Task to complete:
Under this line are the records; write out word for word the part that begins at the line containing "line L58 (-6.0212, -11.08)" and ends at the line containing "line M7 (-90.5, -37.785) -> (90.5, -37.785)", and no more.

Input for this task:

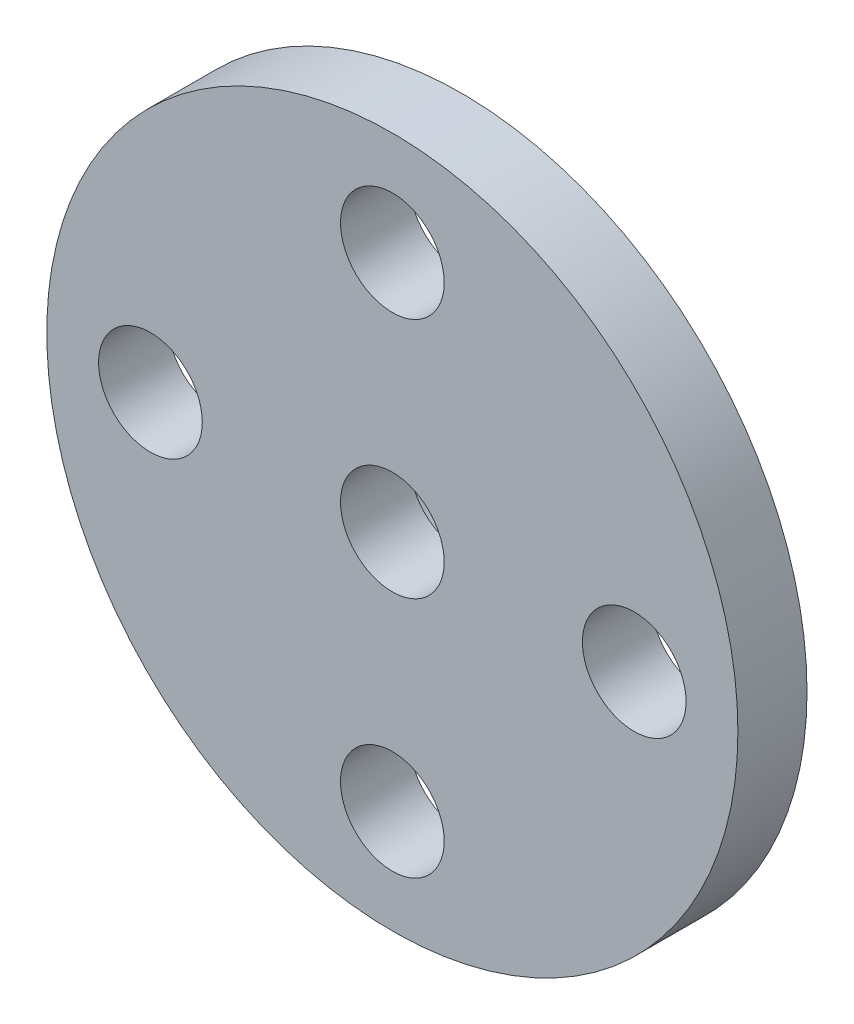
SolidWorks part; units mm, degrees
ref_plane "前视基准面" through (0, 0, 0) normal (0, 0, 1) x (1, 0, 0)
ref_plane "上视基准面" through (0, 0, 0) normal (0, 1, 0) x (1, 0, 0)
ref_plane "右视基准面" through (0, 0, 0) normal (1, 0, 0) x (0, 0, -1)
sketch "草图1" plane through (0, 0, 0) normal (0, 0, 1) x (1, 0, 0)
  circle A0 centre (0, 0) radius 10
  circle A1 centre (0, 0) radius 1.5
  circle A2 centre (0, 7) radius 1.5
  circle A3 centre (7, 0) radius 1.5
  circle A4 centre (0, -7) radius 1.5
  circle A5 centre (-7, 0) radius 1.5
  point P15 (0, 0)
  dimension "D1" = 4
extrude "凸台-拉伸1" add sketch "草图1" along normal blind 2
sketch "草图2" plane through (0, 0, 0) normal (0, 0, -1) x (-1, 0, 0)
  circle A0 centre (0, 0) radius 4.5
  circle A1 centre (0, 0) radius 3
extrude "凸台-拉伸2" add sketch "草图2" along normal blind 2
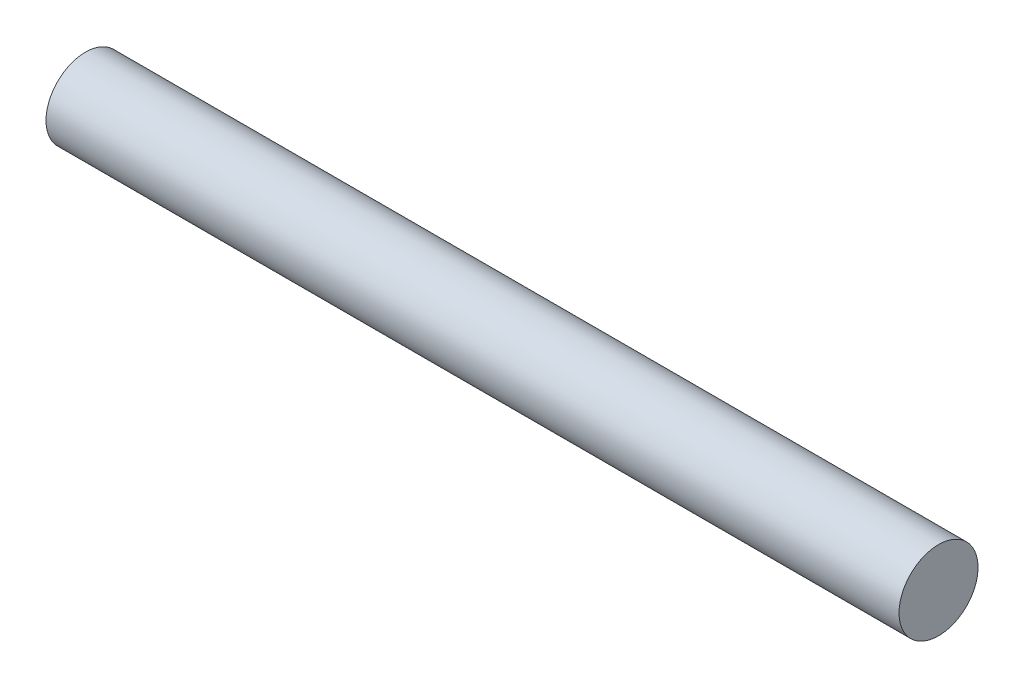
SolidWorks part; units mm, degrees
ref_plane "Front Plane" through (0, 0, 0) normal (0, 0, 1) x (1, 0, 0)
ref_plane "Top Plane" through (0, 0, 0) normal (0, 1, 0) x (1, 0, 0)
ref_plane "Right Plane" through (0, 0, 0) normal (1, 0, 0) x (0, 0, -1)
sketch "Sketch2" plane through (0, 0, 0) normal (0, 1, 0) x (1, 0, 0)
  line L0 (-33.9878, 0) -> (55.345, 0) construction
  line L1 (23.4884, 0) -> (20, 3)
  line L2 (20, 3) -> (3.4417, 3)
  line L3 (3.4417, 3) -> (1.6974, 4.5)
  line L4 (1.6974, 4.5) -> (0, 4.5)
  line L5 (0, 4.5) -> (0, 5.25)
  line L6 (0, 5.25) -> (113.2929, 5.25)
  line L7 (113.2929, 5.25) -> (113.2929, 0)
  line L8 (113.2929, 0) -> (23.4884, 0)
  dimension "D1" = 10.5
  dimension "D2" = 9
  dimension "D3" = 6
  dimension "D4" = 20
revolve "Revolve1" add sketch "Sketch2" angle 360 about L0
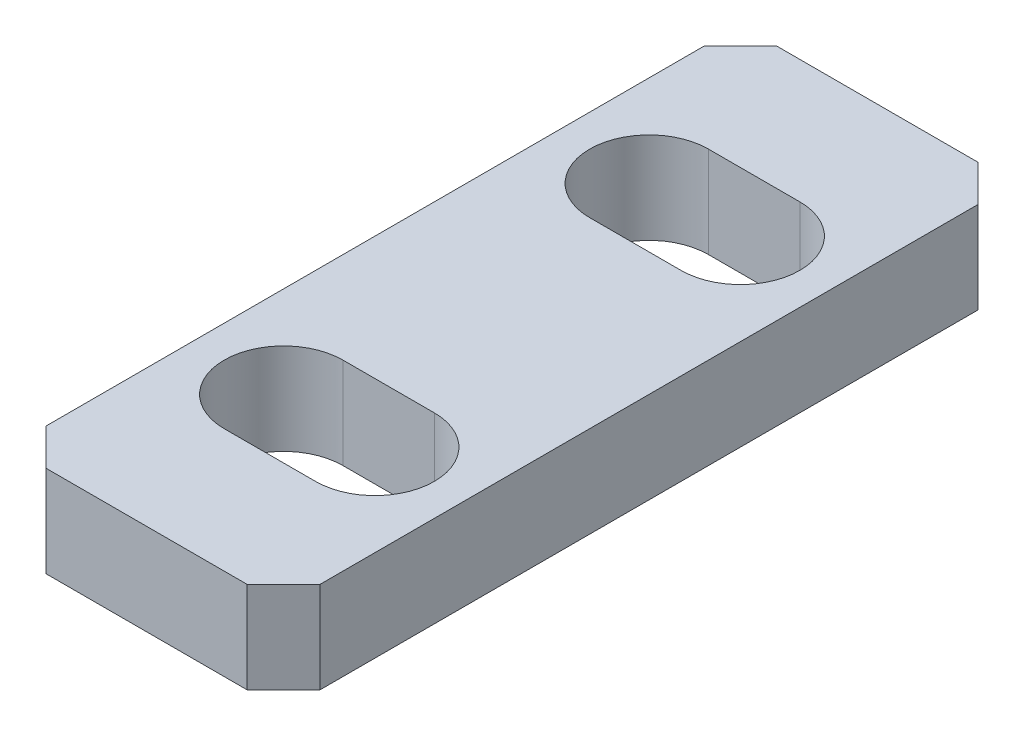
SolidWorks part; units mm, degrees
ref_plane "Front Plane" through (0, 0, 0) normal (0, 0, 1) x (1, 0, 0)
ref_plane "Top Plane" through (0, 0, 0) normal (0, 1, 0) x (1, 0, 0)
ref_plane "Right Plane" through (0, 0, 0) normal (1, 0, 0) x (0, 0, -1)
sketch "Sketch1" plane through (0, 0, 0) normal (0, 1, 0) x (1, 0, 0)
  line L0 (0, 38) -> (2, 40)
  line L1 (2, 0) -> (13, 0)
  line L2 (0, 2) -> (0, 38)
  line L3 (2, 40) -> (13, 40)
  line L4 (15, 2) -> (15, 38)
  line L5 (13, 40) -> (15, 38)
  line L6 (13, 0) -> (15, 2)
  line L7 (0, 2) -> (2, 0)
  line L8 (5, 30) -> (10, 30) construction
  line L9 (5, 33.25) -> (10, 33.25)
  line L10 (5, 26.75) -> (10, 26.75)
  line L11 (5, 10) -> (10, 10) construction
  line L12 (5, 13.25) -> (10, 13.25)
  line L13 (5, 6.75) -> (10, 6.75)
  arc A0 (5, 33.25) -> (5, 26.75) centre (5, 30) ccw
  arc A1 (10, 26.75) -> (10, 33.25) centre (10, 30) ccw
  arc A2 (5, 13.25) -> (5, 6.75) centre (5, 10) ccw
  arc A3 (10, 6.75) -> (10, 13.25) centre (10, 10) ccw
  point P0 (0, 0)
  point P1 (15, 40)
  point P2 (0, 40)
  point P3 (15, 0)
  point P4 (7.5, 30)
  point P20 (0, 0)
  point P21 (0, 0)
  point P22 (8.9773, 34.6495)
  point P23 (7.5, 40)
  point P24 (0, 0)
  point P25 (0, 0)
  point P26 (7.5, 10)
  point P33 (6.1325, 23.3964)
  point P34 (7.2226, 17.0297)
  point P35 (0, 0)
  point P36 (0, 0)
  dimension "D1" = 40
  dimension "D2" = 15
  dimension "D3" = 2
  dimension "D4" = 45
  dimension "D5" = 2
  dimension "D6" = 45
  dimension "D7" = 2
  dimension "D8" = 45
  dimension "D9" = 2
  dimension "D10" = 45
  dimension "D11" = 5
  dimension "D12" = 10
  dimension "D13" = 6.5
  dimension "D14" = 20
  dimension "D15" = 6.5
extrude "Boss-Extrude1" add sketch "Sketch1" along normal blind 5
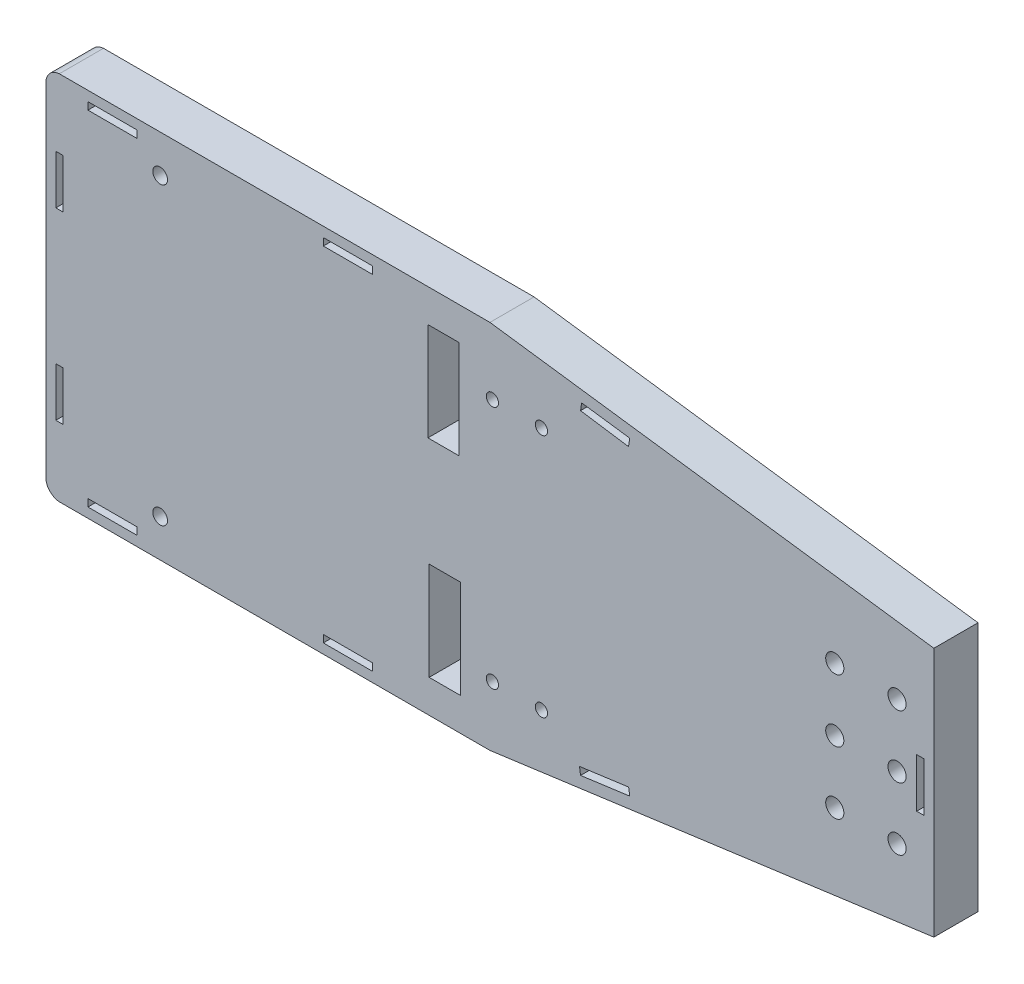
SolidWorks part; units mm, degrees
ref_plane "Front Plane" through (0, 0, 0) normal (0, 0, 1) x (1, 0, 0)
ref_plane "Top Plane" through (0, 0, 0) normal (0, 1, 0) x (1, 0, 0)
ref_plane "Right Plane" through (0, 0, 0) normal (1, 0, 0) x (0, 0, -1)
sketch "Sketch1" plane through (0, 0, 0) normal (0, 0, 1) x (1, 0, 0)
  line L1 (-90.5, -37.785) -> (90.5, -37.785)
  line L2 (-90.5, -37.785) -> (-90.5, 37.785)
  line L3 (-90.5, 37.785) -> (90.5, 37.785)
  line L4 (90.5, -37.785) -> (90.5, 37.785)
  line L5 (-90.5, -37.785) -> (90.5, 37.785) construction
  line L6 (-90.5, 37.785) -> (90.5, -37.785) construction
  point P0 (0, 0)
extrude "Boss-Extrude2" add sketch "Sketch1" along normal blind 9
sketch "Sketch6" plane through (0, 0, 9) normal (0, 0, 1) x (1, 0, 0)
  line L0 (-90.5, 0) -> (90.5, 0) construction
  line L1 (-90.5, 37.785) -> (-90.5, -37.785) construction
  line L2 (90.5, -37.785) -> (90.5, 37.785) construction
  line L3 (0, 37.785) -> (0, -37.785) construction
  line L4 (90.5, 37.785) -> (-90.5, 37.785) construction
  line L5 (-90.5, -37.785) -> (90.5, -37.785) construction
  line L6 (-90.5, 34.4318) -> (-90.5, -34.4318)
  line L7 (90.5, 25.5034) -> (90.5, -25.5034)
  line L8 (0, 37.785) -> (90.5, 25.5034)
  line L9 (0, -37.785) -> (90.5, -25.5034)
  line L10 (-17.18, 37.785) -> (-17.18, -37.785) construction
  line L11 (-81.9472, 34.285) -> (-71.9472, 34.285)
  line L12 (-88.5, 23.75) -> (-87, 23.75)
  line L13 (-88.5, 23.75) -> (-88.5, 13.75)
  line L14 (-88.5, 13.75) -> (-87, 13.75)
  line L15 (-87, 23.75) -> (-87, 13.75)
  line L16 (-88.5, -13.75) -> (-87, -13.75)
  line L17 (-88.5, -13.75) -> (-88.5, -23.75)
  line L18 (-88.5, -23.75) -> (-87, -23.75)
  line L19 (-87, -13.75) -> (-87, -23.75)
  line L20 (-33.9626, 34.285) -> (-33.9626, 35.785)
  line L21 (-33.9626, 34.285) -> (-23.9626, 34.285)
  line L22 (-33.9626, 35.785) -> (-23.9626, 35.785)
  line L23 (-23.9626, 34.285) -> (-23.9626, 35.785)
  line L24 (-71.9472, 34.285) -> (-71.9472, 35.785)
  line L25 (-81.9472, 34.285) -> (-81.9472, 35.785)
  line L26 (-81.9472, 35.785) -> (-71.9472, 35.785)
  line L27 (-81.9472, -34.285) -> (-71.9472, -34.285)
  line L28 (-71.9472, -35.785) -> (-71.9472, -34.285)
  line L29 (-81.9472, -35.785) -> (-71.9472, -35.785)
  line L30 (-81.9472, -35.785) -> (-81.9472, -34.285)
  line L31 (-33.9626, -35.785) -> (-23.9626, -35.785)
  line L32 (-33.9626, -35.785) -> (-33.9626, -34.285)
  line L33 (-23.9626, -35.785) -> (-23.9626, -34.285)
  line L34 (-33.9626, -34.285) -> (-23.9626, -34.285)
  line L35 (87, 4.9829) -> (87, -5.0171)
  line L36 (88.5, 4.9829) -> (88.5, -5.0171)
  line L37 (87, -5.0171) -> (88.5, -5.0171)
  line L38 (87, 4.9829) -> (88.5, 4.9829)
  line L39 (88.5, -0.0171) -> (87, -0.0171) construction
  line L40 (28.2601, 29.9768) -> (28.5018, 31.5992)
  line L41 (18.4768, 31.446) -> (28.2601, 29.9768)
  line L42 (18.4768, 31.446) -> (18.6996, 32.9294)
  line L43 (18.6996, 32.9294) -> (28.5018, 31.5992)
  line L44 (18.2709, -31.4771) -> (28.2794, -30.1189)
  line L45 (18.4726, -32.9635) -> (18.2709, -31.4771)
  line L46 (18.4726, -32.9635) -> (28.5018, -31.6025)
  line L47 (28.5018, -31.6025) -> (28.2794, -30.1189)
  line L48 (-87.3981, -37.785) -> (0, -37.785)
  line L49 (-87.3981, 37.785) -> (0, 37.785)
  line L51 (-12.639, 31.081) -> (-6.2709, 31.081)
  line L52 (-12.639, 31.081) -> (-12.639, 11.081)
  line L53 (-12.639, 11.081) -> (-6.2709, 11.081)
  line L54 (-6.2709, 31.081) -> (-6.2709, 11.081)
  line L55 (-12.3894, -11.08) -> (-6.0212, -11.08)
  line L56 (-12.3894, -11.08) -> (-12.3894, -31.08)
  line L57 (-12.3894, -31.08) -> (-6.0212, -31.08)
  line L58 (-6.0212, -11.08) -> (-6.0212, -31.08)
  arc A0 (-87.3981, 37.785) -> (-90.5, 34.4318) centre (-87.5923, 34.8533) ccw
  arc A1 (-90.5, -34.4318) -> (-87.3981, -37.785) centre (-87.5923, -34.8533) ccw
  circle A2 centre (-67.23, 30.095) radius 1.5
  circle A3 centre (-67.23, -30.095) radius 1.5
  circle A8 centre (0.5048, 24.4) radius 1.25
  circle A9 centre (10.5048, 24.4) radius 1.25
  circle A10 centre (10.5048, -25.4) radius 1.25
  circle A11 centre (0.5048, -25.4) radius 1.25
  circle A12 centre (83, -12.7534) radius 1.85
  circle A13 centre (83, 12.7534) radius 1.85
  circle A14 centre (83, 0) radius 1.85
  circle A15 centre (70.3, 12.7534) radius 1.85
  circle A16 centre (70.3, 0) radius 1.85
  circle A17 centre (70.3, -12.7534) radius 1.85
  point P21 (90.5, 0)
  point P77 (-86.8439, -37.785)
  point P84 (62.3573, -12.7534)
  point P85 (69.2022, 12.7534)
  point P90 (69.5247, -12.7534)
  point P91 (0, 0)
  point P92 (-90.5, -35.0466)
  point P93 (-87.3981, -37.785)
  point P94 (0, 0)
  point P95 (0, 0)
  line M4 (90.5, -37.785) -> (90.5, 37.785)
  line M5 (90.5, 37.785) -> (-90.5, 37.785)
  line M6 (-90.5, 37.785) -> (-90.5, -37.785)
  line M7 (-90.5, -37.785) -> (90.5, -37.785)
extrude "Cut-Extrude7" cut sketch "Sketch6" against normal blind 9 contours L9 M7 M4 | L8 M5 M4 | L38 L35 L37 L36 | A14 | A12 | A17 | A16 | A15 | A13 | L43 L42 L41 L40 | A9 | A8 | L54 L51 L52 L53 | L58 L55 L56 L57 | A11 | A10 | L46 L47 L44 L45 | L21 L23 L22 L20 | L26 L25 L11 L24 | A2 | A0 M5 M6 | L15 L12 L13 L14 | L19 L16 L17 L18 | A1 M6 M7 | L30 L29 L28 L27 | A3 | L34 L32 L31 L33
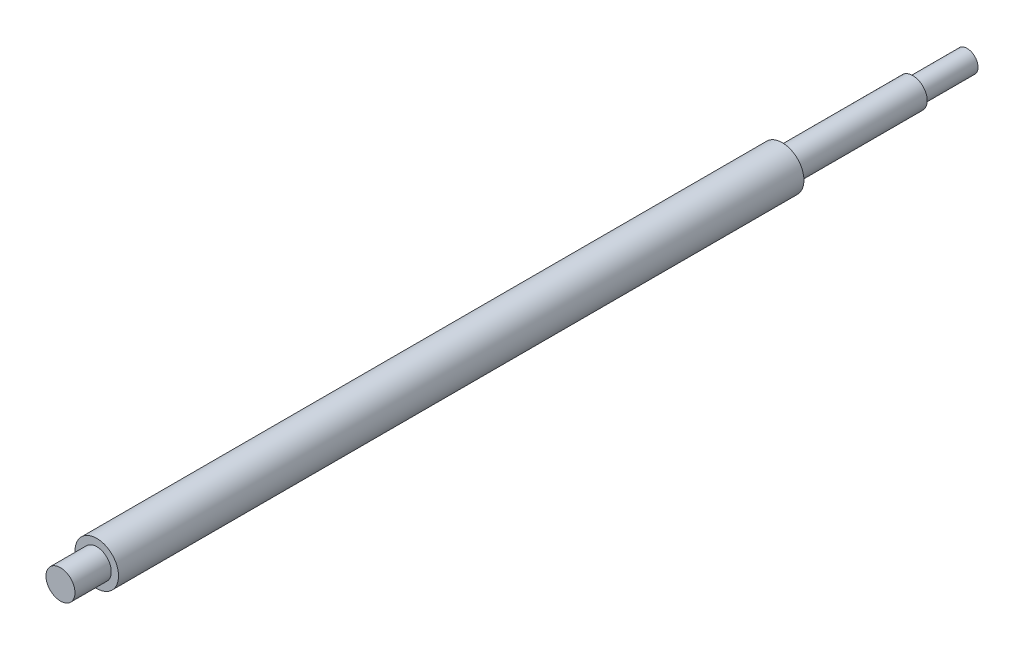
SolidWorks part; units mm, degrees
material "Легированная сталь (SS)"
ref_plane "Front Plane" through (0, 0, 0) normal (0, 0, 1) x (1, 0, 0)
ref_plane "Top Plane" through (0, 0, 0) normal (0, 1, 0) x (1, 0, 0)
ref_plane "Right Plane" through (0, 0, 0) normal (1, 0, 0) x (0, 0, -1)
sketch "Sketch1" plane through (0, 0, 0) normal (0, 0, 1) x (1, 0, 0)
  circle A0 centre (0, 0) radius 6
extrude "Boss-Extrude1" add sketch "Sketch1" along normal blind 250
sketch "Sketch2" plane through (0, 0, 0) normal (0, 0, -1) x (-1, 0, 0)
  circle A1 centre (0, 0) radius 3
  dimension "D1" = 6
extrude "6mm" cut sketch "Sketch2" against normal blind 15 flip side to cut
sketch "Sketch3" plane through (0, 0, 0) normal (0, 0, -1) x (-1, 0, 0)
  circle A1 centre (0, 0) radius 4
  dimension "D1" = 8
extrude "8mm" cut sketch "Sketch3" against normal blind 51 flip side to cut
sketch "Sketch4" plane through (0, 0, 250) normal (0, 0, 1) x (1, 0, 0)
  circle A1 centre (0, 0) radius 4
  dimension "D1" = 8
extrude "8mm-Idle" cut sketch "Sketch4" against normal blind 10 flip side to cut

Exercise output:
  line L58 (-6.0212, -11.08) -> (-6.0212, -31.08)
  arc A0 (-87.3981, 37.785) -> (-90.5, 34.4318) centre (-87.5923, 34.8533) ccw
  arc A1 (-90.5, -34.4318) -> (-87.3981, -37.785) centre (-87.5923, -34.8533) ccw
  circle A2 centre (-67.23, 30.095) radius 1.5
  circle A3 centre (-67.23, -30.095) radius 1.5
  circle A8 centre (0.5048, 24.4) radius 1.25
  circle A9 centre (10.5048, 24.4) radius 1.25
  circle A10 centre (10.5048, -25.4) radius 1.25
  circle A11 centre (0.5048, -25.4) radius 1.25
  circle A12 centre (83, -12.7534) radius 1.85
  circle A13 centre (83, 12.7534) radius 1.85
  circle A14 centre (83, 0) radius 1.85
  circle A15 centre (70.3, 12.7534) radius 1.85
  circle A16 centre (70.3, 0) radius 1.85
  circle A17 centre (70.3, -12.7534) radius 1.85
  point P21 (90.5, 0)
  point P77 (-86.8439, -37.785)
  point P84 (62.3573, -12.7534)
  point P85 (69.2022, 12.7534)
  point P90 (69.5247, -12.7534)
  point P91 (0, 0)
  point P92 (-90.5, -35.0466)
  point P93 (-87.3981, -37.785)
  point P94 (0, 0)
  point P95 (0, 0)
  line M4 (90.5, -37.785) -> (90.5, 37.785)
  line M5 (90.5, 37.785) -> (-90.5, 37.785)
  line M6 (-90.5, 37.785) -> (-90.5, -37.785)
  line M7 (-90.5, -37.785) -> (90.5, -37.785)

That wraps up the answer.